### TASK BRIEF:
Would you repeat exactly the part of the listing below that runs from the line containing "#86=ADVANCED_FACE('F259',(#82,#85),#71,.T.);" down to the line containing "#92=CARTESIAN_POINT('',(0.,0.,0.));", inclusive, and nothing else?

### RECORDS SUPPLIED:
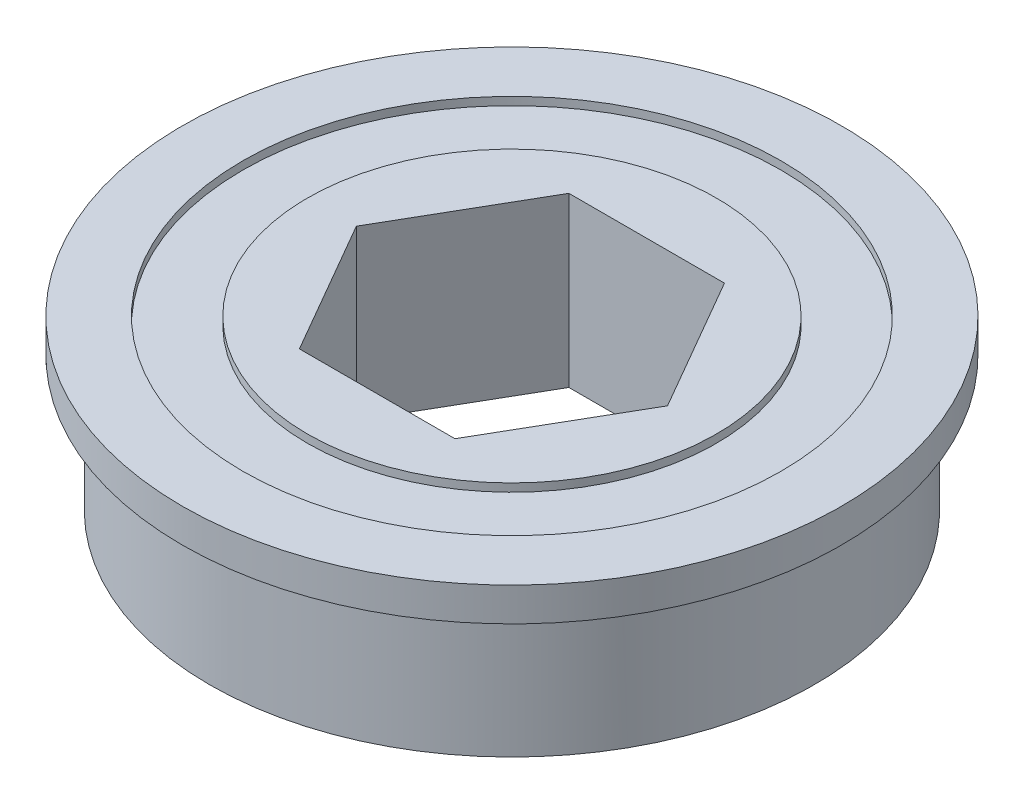
ISO-10303-21;
HEADER;
FILE_DESCRIPTION(('STEP AP214'),'2;1');
FILE_NAME('part.step','',(''),(''),'','','');
FILE_SCHEMA(('AUTOMOTIVE_DESIGN { 1 0 10303 214 1 1 1 1 }'));
ENDSEC;
DATA;
#1=APPLICATION_CONTEXT('core data for automotive mechanical design processes');
#2=APPLICATION_PROTOCOL_DEFINITION('international standard','automotive_design',2000,#1);
#3=PRODUCT_CONTEXT('',#1,'mechanical');
#4=PRODUCT('Part','Part','',(#3));
#5=PRODUCT_RELATED_PRODUCT_CATEGORY('part','',(#4));
#6=PRODUCT_DEFINITION_FORMATION('','',#4);
#7=PRODUCT_DEFINITION_CONTEXT('part definition',#1,'design');
#8=PRODUCT_DEFINITION('design','',#6,#7);
#9=PRODUCT_DEFINITION_SHAPE('','',#8);
#10=(LENGTH_UNIT() NAMED_UNIT(*) SI_UNIT(.MILLI.,.METRE.));
#11=(NAMED_UNIT(*) PLANE_ANGLE_UNIT() SI_UNIT($,.RADIAN.));
#12=(NAMED_UNIT(*) SI_UNIT($,.STERADIAN.) SOLID_ANGLE_UNIT());
#13=UNCERTAINTY_MEASURE_WITH_UNIT(LENGTH_MEASURE(1.E-05),#10,'distance_accuracy_value','');
#14=(GEOMETRIC_REPRESENTATION_CONTEXT(3) GLOBAL_UNCERTAINTY_ASSIGNED_CONTEXT((#13)) GLOBAL_UNIT_ASSIGNED_CONTEXT((#10,
#11,#12)) REPRESENTATION_CONTEXT('',''));
#15=CARTESIAN_POINT('',(0.,0.,0.));
#16=DIRECTION('',(0.,0.,1.));
#17=DIRECTION('',(1.,0.,0.));
#18=AXIS2_PLACEMENT_3D('',#15,#16,#17);
#19=CARTESIAN_POINT('',(0.,0.,0.));
#20=DIRECTION('',(0.,1.,0.));
#21=DIRECTION('',(0.,0.,1.));
#22=AXIS2_PLACEMENT_3D('',#19,#20,#21);
#23=CYLINDRICAL_SURFACE('',#22,12.7);
#24=CARTESIAN_POINT('',(0.,0.381,0.));
#25=DIRECTION('',(0.,1.,0.));
#26=DIRECTION('',(0.,0.,1.));
#27=AXIS2_PLACEMENT_3D('',#24,#25,#26);
#28=CIRCLE('',#27,12.7);
#29=CARTESIAN_POINT('',(0.,0.381,12.7));
#30=VERTEX_POINT('',#29);
#31=EDGE_CURVE('E180',#30,#30,#28,.F.);
#32=ORIENTED_EDGE('',*,*,#31,.F.);
#33=EDGE_LOOP('',(#32));
#34=FACE_BOUND('',#33,.T.);
#35=CARTESIAN_POINT('',(0.,0.,0.));
#36=DIRECTION('',(0.,1.,0.));
#37=DIRECTION('',(0.,0.,1.));
#38=AXIS2_PLACEMENT_3D('',#35,#36,#37);
#39=CIRCLE('',#38,12.7);
#40=CARTESIAN_POINT('',(0.,0.,12.7));
#41=VERTEX_POINT('',#40);
#42=EDGE_CURVE('E172',#41,#41,#39,.T.);
#43=ORIENTED_EDGE('',*,*,#42,.F.);
#44=EDGE_LOOP('',(#43));
#45=FACE_BOUND('',#44,.T.);
#46=ADVANCED_FACE('F19',(#34,#45),#23,.F.);
#47=CARTESIAN_POINT('',(9.652,0.381,0.));
#48=DIRECTION('',(0.,-1.,0.));
#49=DIRECTION('',(0.,0.,-1.));
#50=AXIS2_PLACEMENT_3D('',#47,#48,#49);
#51=PLANE('',#50);
#52=ORIENTED_EDGE('',*,*,#31,.T.);
#53=EDGE_LOOP('',(#52));
#54=FACE_BOUND('',#53,.T.);
#55=CARTESIAN_POINT('',(0.,0.381,0.));
#56=DIRECTION('',(0.,1.,0.));
#57=DIRECTION('',(0.,0.,1.));
#58=AXIS2_PLACEMENT_3D('',#55,#56,#57);
#59=CIRCLE('',#58,9.652);
#60=CARTESIAN_POINT('',(0.,0.381,9.652));
#61=VERTEX_POINT('',#60);
#62=EDGE_CURVE('E169',#61,#61,#59,.F.);
#63=ORIENTED_EDGE('',*,*,#62,.F.);
#64=EDGE_LOOP('',(#63));
#65=FACE_BOUND('',#64,.T.);
#66=ADVANCED_FACE('F261',(#54,#65),#51,.T.);
#67=CARTESIAN_POINT('',(14.2748,0.,0.));
#68=DIRECTION('',(0.,-1.,0.));
#69=DIRECTION('',(0.,0.,-1.));
#70=AXIS2_PLACEMENT_3D('',#67,#68,#69);
#71=PLANE('',#70);
#72=CARTESIAN_POINT('',(0.,0.,0.));
#73=DIRECTION('',(0.,1.,0.));
#74=DIRECTION('',(0.,0.,1.));
#75=AXIS2_PLACEMENT_3D('',#72,#73,#74);
#76=CIRCLE('',#75,14.2748);
#77=CARTESIAN_POINT('',(0.,0.,14.2748));
#78=VERTEX_POINT('',#77);
#79=EDGE_CURVE('E166',#78,#78,#76,.T.);
#80=ORIENTED_EDGE('',*,*,#79,.F.);
#81=EDGE_LOOP('',(#80));
#82=FACE_BOUND('',#81,.T.);
#83=ORIENTED_EDGE('',*,*,#42,.T.);
#84=EDGE_LOOP('',(#83));
#85=FACE_BOUND('',#84,.T.);
#86=ADVANCED_FACE('F259',(#82,#85),#71,.T.);
#87=CARTESIAN_POINT('',(0.,0.,0.));
#88=DIRECTION('',(0.,1.,0.));
#89=DIRECTION('',(0.,0.,1.));
#90=AXIS2_PLACEMENT_3D('',#87,#88,#89);
#91=CYLINDRICAL_SURFACE('',#90,9.652);
#92=CARTESIAN_POINT('',(0.,0.,0.));
#93=DIRECTION('',(0.,1.,0.));
#94=DIRECTION('',(0.,0.,1.));
#95=AXIS2_PLACEMENT_3D('',#92,#93,#94);
#96=CIRCLE('',#95,9.652);
#97=CARTESIAN_POINT('',(0.,0.,9.652));
#98=VERTEX_POINT('',#97);
#99=EDGE_CURVE('E163',#98,#98,#96,.F.);
#100=ORIENTED_EDGE('',*,*,#99,.F.);
#101=EDGE_LOOP('',(#100));
#102=FACE_BOUND('',#101,.T.);
#103=ORIENTED_EDGE('',*,*,#62,.T.);
#104=EDGE_LOOP('',(#103));
#105=FACE_BOUND('',#104,.T.);
#106=ADVANCED_FACE('F252',(#102,#105),#91,.T.);
#107=CARTESIAN_POINT('',(0.,0.,0.));
#108=DIRECTION('',(0.,1.,0.));
#109=DIRECTION('',(0.,0.,1.));
#110=AXIS2_PLACEMENT_3D('',#107,#108,#109);
#111=CYLINDRICAL_SURFACE('',#110,14.2748);
#112=ORIENTED_EDGE('',*,*,#79,.T.);
#113=EDGE_LOOP('',(#112));
#114=FACE_BOUND('',#113,.T.);
#115=CARTESIAN_POINT('',(0.,5.6,0.));
#116=DIRECTION('',(0.,-1.,0.));
#117=DIRECTION('',(0.,0.,-1.));
#118=AXIS2_PLACEMENT_3D('',#115,#116,#117);
#119=CIRCLE('',#118,14.2748);
#120=CARTESIAN_POINT('',(0.,5.6,-14.2748));
#121=VERTEX_POINT('',#120);
#122=EDGE_CURVE('E84',#121,#121,#119,.F.);
#123=ORIENTED_EDGE('',*,*,#122,.F.);
#124=EDGE_LOOP('',(#123));
#125=FACE_BOUND('',#124,.T.);
#126=ADVANCED_FACE('F248',(#114,#125),#111,.T.);
#127=CARTESIAN_POINT('',(9.652,0.,0.));
#128=DIRECTION('',(0.,-1.,0.));
#129=DIRECTION('',(0.,0.,-1.));
#130=AXIS2_PLACEMENT_3D('',#127,#128,#129);
#131=PLANE('',#130);
#132=ORIENTED_EDGE('',*,*,#99,.T.);
#133=EDGE_LOOP('',(#132));
#134=FACE_BOUND('',#133,.T.);
#135=DIRECTION('',(1.,0.,0.));
#136=VECTOR('',#135,1.);
#137=CARTESIAN_POINT('',(-3.67194771204601,0.,6.36));
#138=LINE('',#137,#136);
#139=CARTESIAN_POINT('',(-3.67194771204601,0.,6.36));
#140=VERTEX_POINT('',#139);
#141=CARTESIAN_POINT('',(3.67194771204602,0.,6.36));
#142=VERTEX_POINT('',#141);
#143=EDGE_CURVE('E63',#140,#142,#138,.T.);
#144=ORIENTED_EDGE('',*,*,#143,.T.);
#145=DIRECTION('',(0.5,0.,-0.866025403784439));
#146=VECTOR('',#145,1.);
#147=CARTESIAN_POINT('',(3.67194771204602,0.,6.36));
#148=LINE('',#147,#146);
#149=CARTESIAN_POINT('',(7.34389542409204,0.,0.));
#150=VERTEX_POINT('',#149);
#151=EDGE_CURVE('E67',#142,#150,#148,.T.);
#152=ORIENTED_EDGE('',*,*,#151,.T.);
#153=DIRECTION('',(-0.5,0.,-0.866025403784439));
#154=VECTOR('',#153,1.);
#155=CARTESIAN_POINT('',(7.34389542409204,0.,0.));
#156=LINE('',#155,#154);
#157=CARTESIAN_POINT('',(3.67194771204602,0.,-6.36));
#158=VERTEX_POINT('',#157);
#159=EDGE_CURVE('E66',#150,#158,#156,.T.);
#160=ORIENTED_EDGE('',*,*,#159,.T.);
#161=DIRECTION('',(-1.,0.,0.));
#162=VECTOR('',#161,1.);
#163=CARTESIAN_POINT('',(3.67194771204602,0.,-6.36));
#164=LINE('',#163,#162);
#165=CARTESIAN_POINT('',(-3.67194771204602,0.,-6.36));
#166=VERTEX_POINT('',#165);
#167=EDGE_CURVE('E108',#158,#166,#164,.T.);
#168=ORIENTED_EDGE('',*,*,#167,.T.);
#169=DIRECTION('',(-0.5,0.,0.866025403784439));
#170=VECTOR('',#169,1.);
#171=CARTESIAN_POINT('',(-3.67194771204602,0.,-6.36));
#172=LINE('',#171,#170);
#173=CARTESIAN_POINT('',(-7.34389542409204,0.,0.));
#174=VERTEX_POINT('',#173);
#175=EDGE_CURVE('E120',#166,#174,#172,.T.);
#176=ORIENTED_EDGE('',*,*,#175,.T.);
#177=DIRECTION('',(0.5,0.,0.866025403784439));
#178=VECTOR('',#177,1.);
#179=CARTESIAN_POINT('',(-7.34389542409204,0.,0.));
#180=LINE('',#179,#178);
#181=EDGE_CURVE('E124',#174,#140,#180,.T.);
#182=ORIENTED_EDGE('',*,*,#181,.T.);
#183=EDGE_LOOP('',(#144,#152,#160,#168,#176,#182));
#184=FACE_BOUND('',#183,.T.);
#185=ADVANCED_FACE('F69',(#134,#184),#131,.T.);
#186=CARTESIAN_POINT('',(0.,5.6,0.));
#187=DIRECTION('',(0.,-1.,0.));
#188=DIRECTION('',(0.,0.,-1.));
#189=AXIS2_PLACEMENT_3D('',#186,#187,#188);
#190=CONICAL_SURFACE('',#189,14.2748,0.523598775598298);
#191=CARTESIAN_POINT('',(0.,5.975,0.));
#192=DIRECTION('',(0.,1.,0.));
#193=DIRECTION('',(0.,0.,1.));
#194=AXIS2_PLACEMENT_3D('',#191,#192,#193);
#195=CIRCLE('',#194,14.0582936490539);
#196=CARTESIAN_POINT('',(0.,5.975,14.0582936490539));
#197=VERTEX_POINT('',#196);
#198=EDGE_CURVE('E299',#197,#197,#195,.F.);
#199=ORIENTED_EDGE('',*,*,#198,.T.);
#200=EDGE_LOOP('',(#199));
#201=FACE_BOUND('',#200,.T.);
#202=ORIENTED_EDGE('',*,*,#122,.T.);
#203=EDGE_LOOP('',(#202));
#204=FACE_BOUND('',#203,.T.);
#205=ADVANCED_FACE('F243',(#201,#204),#190,.T.);
#206=CARTESIAN_POINT('',(7.34389542409204,0.,0.));
#207=DIRECTION('',(0.866025403784439,0.,-0.5));
#208=DIRECTION('',(-0.5,0.,-0.866025403784439));
#209=AXIS2_PLACEMENT_3D('',#206,#207,#208);
#210=PLANE('',#209);
#211=DIRECTION('',(0.,1.,0.));
#212=VECTOR('',#211,1.);
#213=CARTESIAN_POINT('',(3.67194771204602,0.,-6.36));
#214=LINE('',#213,#212);
#215=CARTESIAN_POINT('',(3.67194771204602,7.9375,-6.36));
#216=VERTEX_POINT('',#215);
#217=EDGE_CURVE('E82',#216,#158,#214,.F.);
#218=ORIENTED_EDGE('',*,*,#217,.T.);
#219=ORIENTED_EDGE('',*,*,#159,.F.);
#220=DIRECTION('',(0.,1.,0.));
#221=VECTOR('',#220,1.);
#222=CARTESIAN_POINT('',(7.34389542409204,0.,0.));
#223=LINE('',#222,#221);
#224=CARTESIAN_POINT('',(7.34389542409204,7.9375,0.));
#225=VERTEX_POINT('',#224);
#226=EDGE_CURVE('E74',#150,#225,#223,.T.);
#227=ORIENTED_EDGE('',*,*,#226,.T.);
#228=DIRECTION('',(0.5,0.,0.866025403784438));
#229=VECTOR('',#228,1.);
#230=CARTESIAN_POINT('',(3.67194771204602,7.9375,-6.36));
#231=LINE('',#230,#229);
#232=EDGE_CURVE('E298',#216,#225,#231,.T.);
#233=ORIENTED_EDGE('',*,*,#232,.F.);
#234=EDGE_LOOP('',(#218,#219,#227,#233));
#235=FACE_BOUND('',#234,.T.);
#236=ADVANCED_FACE('F76',(#235),#210,.F.);
#237=CARTESIAN_POINT('',(3.67194771204602,0.,6.36));
#238=DIRECTION('',(0.866025403784439,0.,0.5));
#239=DIRECTION('',(0.5,0.,-0.866025403784439));
#240=AXIS2_PLACEMENT_3D('',#237,#238,#239);
#241=PLANE('',#240);
#242=ORIENTED_EDGE('',*,*,#226,.F.);
#243=ORIENTED_EDGE('',*,*,#151,.F.);
#244=DIRECTION('',(0.,1.,0.));
#245=VECTOR('',#244,1.);
#246=CARTESIAN_POINT('',(3.67194771204602,0.,6.36));
#247=LINE('',#246,#245);
#248=CARTESIAN_POINT('',(3.67194771204602,7.9375,6.36));
#249=VERTEX_POINT('',#248);
#250=EDGE_CURVE('E92',#142,#249,#247,.T.);
#251=ORIENTED_EDGE('',*,*,#250,.T.);
#252=DIRECTION('',(-0.5,0.,0.866025403784439));
#253=VECTOR('',#252,1.);
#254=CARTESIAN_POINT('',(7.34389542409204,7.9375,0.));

### REPLY TO THE TASK:
#86=ADVANCED_FACE('F259',(#82,#85),#71,.T.);
#87=CARTESIAN_POINT('',(0.,0.,0.));
#88=DIRECTION('',(0.,1.,0.));
#89=DIRECTION('',(0.,0.,1.));
#90=AXIS2_PLACEMENT_3D('',#87,#88,#89);
#91=CYLINDRICAL_SURFACE('',#90,9.652);
#92=CARTESIAN_POINT('',(0.,0.,0.));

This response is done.